* What is needed *
What you print should match the entries exactly, only without the pictures.

BEGIN

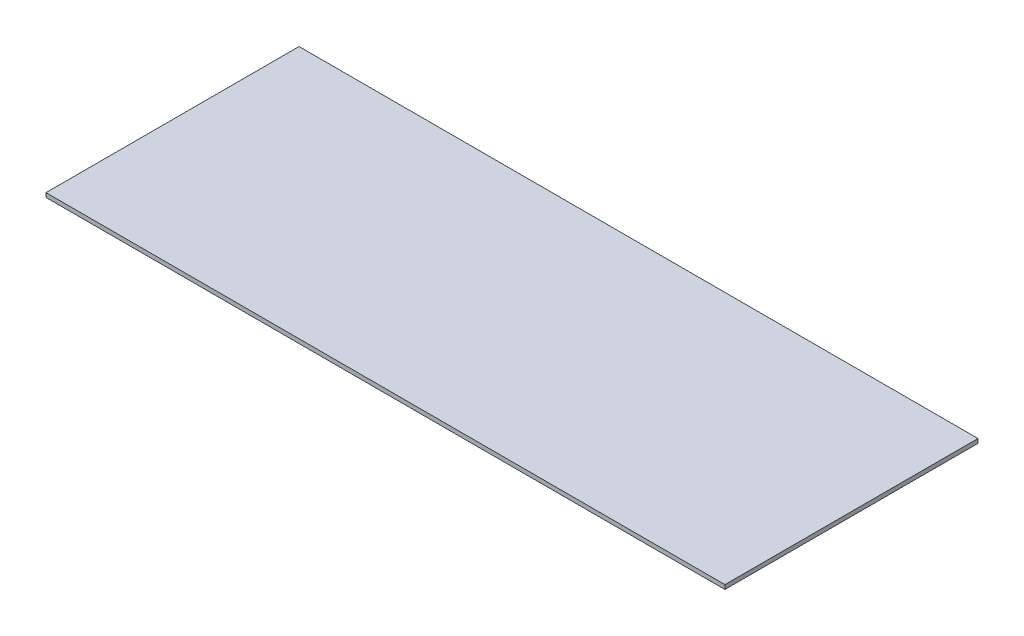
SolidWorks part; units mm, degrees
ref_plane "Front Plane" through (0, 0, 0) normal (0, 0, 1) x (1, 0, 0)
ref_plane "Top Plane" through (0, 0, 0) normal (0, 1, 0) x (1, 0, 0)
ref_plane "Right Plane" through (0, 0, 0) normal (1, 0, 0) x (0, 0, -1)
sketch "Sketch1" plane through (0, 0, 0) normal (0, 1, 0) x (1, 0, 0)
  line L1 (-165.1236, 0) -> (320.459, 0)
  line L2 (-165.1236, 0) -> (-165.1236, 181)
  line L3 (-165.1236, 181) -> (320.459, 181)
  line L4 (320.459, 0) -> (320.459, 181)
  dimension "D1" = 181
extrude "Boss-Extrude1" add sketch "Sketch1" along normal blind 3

END

* Task response *
SolidWorks part; units mm, degrees
ref_plane "Front Plane" through (0, 0, 0) normal (0, 0, 1) x (1, 0, 0)
ref_plane "Top Plane" through (0, 0, 0) normal (0, 1, 0) x (1, 0, 0)
ref_plane "Right Plane" through (0, 0, 0) normal (1, 0, 0) x (0, 0, -1)
sketch "Sketch1" plane through (0, 0, 0) normal (0, 1, 0) x (1, 0, 0)
  line L1 (-165.1236, 0) -> (320.459, 0)
  line L2 (-165.1236, 0) -> (-165.1236, 181)
  line L3 (-165.1236, 181) -> (320.459, 181)
  line L4 (320.459, 0) -> (320.459, 181)
  dimension "D1" = 181
extrude "Boss-Extrude1" add sketch "Sketch1" along normal blind 3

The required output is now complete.